Optimization terminated successfully.
         Current function value: 0.464195
         Iterations 6


Let's check out how our model adjusted the parameters!

In [41]:
theta = model_parameters.params
theta

intercept    3.294642
Pclass      -0.960553
Sex         -2.643398
dtype: float64

We can update our model now to show:
$$Survived = 3.294642 * x_0 + -0.960553 * Pclass + -2.643398 * Sex$$

Given the above, we can say the probability of someone surviving is:
$$p(z) = \frac{1}{1 + e^{\theta_0 * x_0 + \theta_1 * Pclass + \theta_2 * Sex}}$$

Let's write that in code.

In [42]:
def probability_of_z(pclass, sex, theta):
    z = theta[0] + pclass * theta[1] + sex * theta[2]
    return 1 / (1 + exp(-1*z))

Now that we've got everything set up, let's make a prediction.

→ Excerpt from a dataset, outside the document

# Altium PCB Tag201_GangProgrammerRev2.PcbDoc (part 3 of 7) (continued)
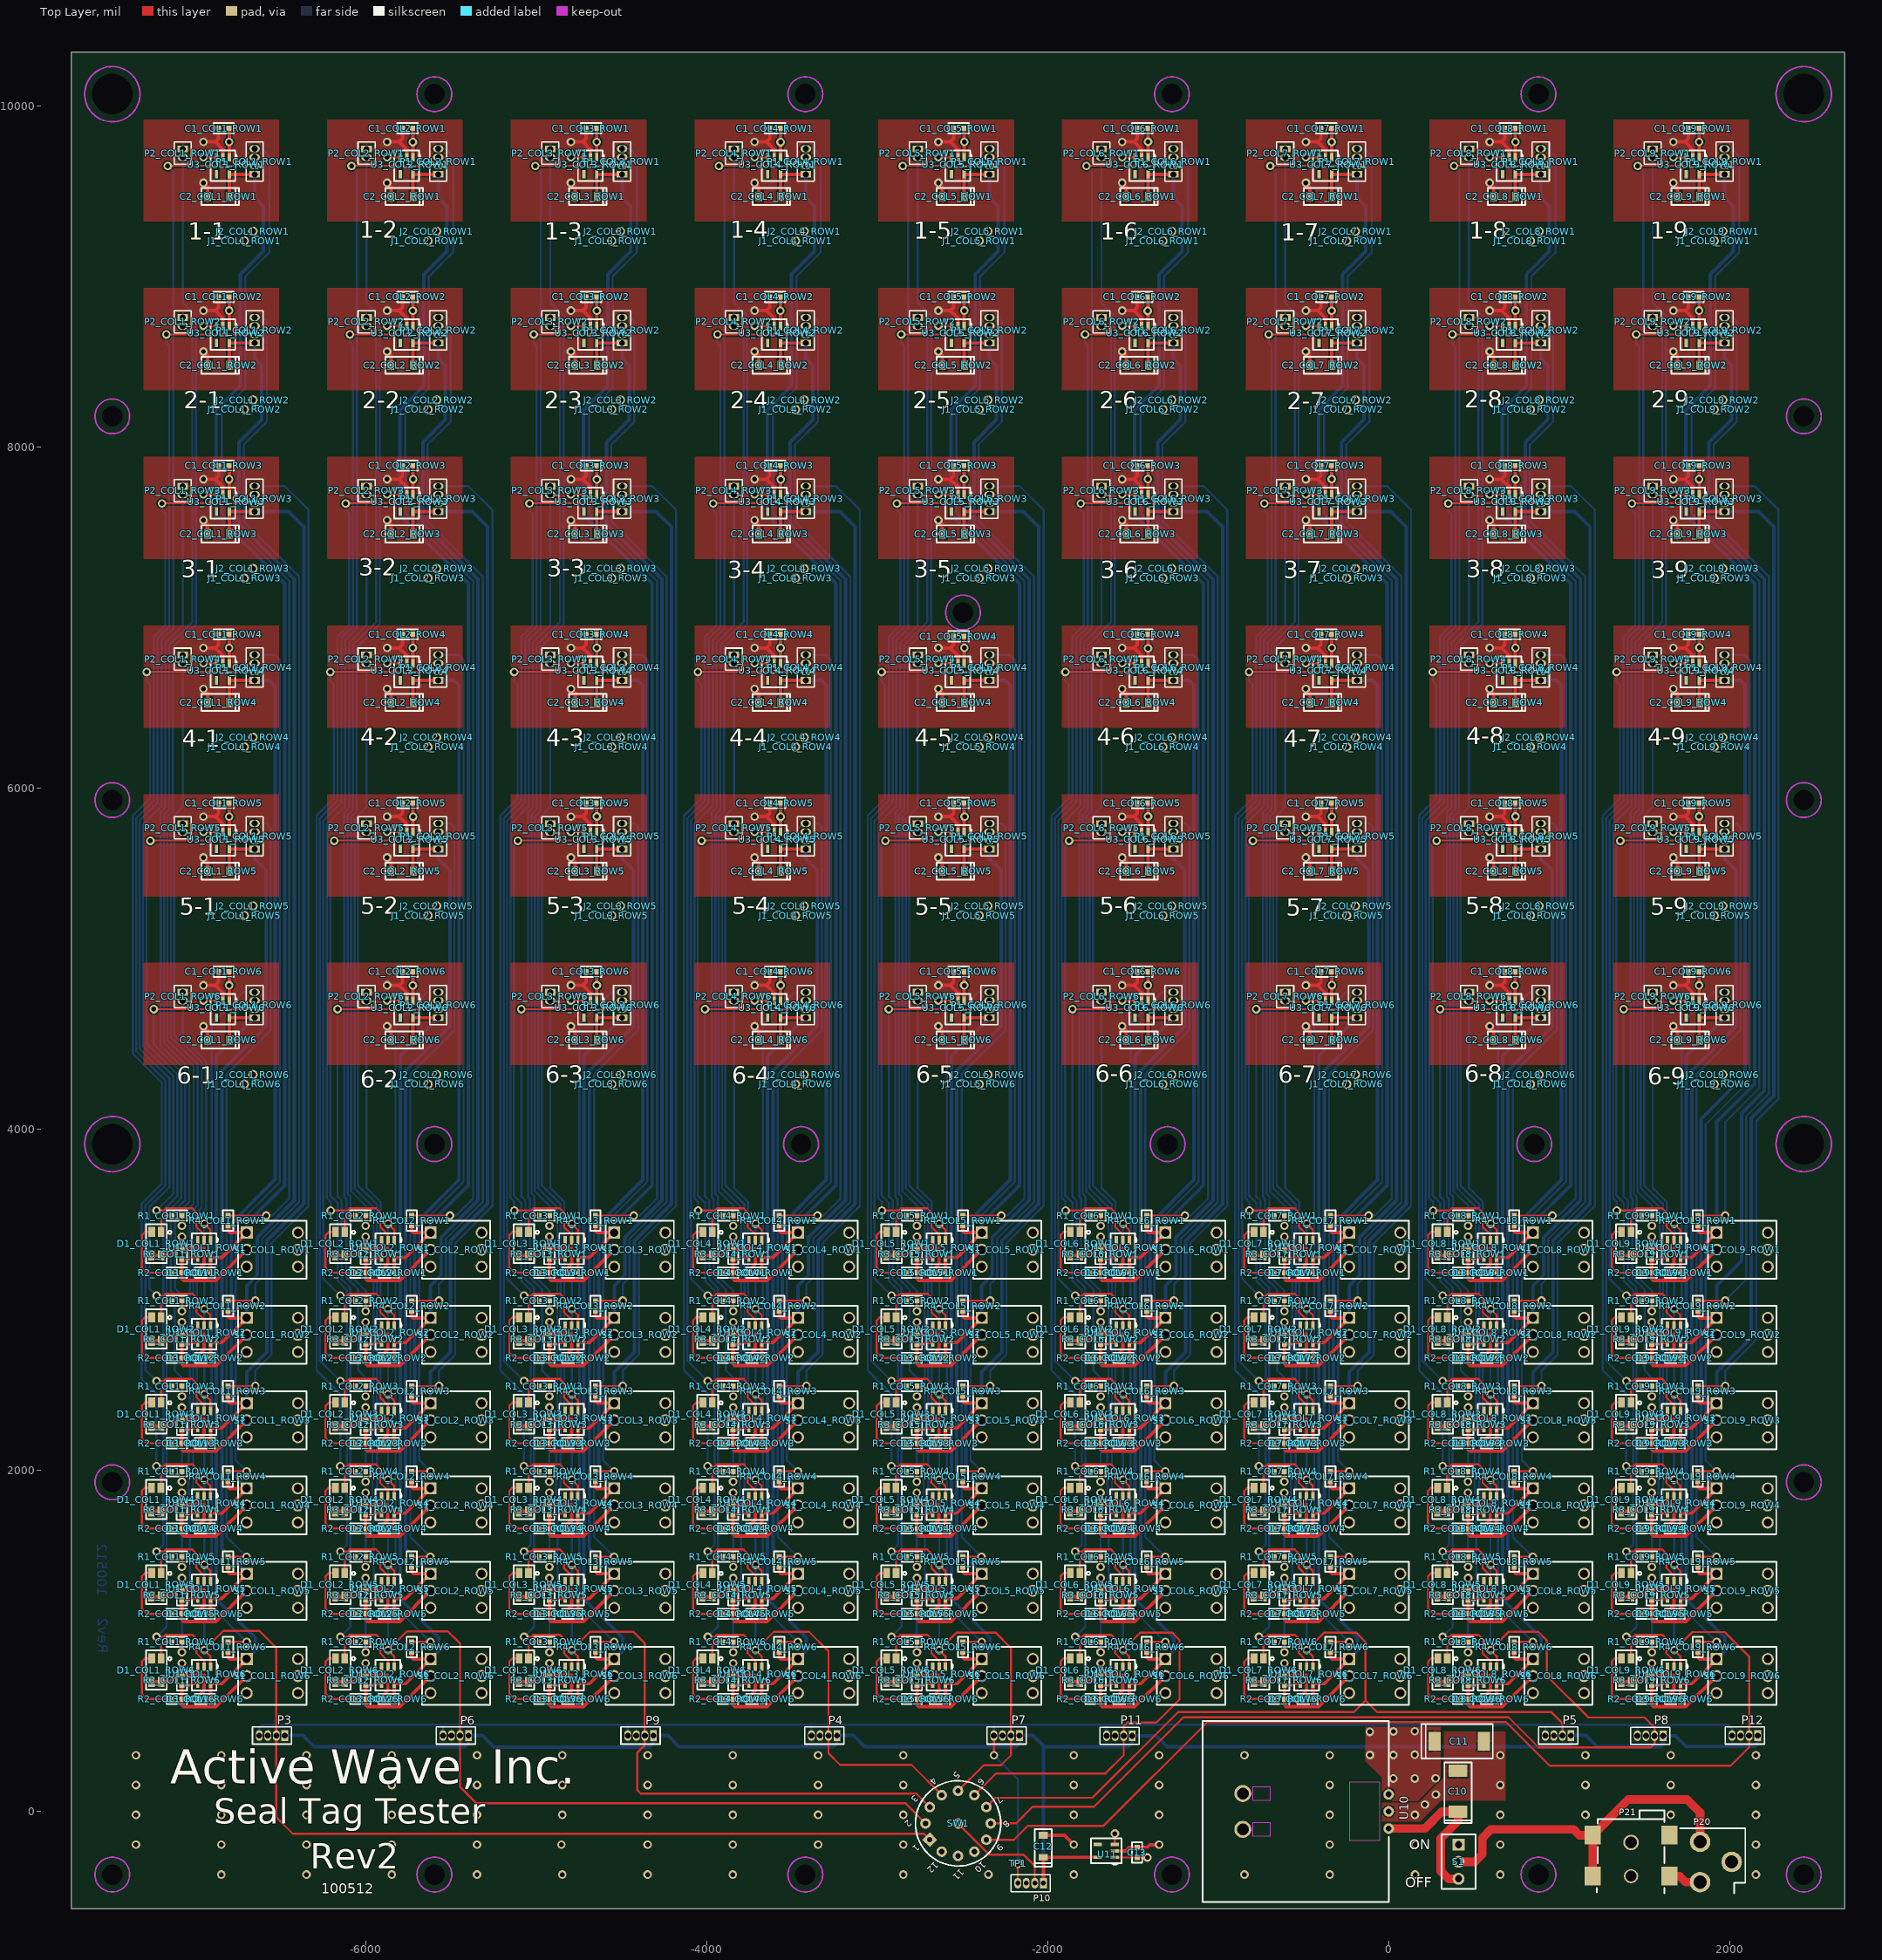
[diagram p0: Top Layer view]
## Nets (pads, with @x,y where several pads share a name; then routed paths per layer and width w, separated by ;. In a path a pad name is that pad's centre, name@x,y a point inside that pad or via, vN(x,y) a via of type N, cw(c..) or ccw(c..) an arc to the next point about the centre after c; other vN are vias at no path point) (continued)
  Top Layer w20: U3_COL1_ROW6.1@-6799,4754 C1_COL1_ROW6.1@-6799,4921.5 ; U3_COL1_ROW5.1@-6799,5743 C1_COL1_ROW5.1@-6799,5910.5 ; U3_COL1_ROW4.1@-6799,6732 C1_COL1_ROW4.1@-6799,6899.5 ; U3_COL1_ROW3.1@-6799,7721 C1_COL1_ROW3.1@-6799,7888.5 ; U3_COL1_ROW2.1@-6799,8710 C1_COL1_ROW2.1@-6799,8877.5 ; U3_COL1_ROW1.1@-6799,9699 C1_COL1_ROW1.1@-6799,9866.5 ; U3_COL2_ROW6.1@-5721.5,4754 C1_COL2_ROW6.1@-5721.5,4921.5 ; U3_COL2_ROW5.1@-5721.5,5743 C1_COL2_ROW5.1@-5721.5,5910.5 ; U3_COL2_ROW4.1@-5721.5,6732 C1_COL2_ROW4.1@-5721.5,6899.5 ; U3_COL2_ROW3.1@-5721.5,7721 C1_COL2_ROW3.1@-5721.5,7888.5 ; U3_COL2_ROW2.1@-5721.5,8710 C1_COL2_ROW2.1@-5721.5,8877.5 ; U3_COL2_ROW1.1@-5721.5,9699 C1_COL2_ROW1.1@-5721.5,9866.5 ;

First we need to see how scikit-learn encoded our categorical variable Sex.

In [45]:
print le_sex.inverse_transform([0, 1])

['female' 'male']


Cool, so if we wanted to see how a woman in first class faired, we could make a prediction like so:

In [46]:
probability_of_z(1, 0, theta)

0.91166115474379972

Seems like she would have faired pretty well. What about a guy in third class...

In [48]:
probability_of_z(3, 1, theta)

0.097052204431359895

Wow, that's abysmal. But it makes sense, the people in the lower parts of the ship probably didn't have a very good chance of escaping when the iceberg hit and the Titanic is known for saving women and children first. Unfortunately, it looks like if you were a poor male on the Titanic, you almost certainly didn't survive - at least according to our logistic regression model :).

Now there are other things we could have done like more pre-processing of the data such as engineering new features. We could have also used other variables in our logistic regression function that would have helped our model be more accurate. But now we know the basics of logistic regression!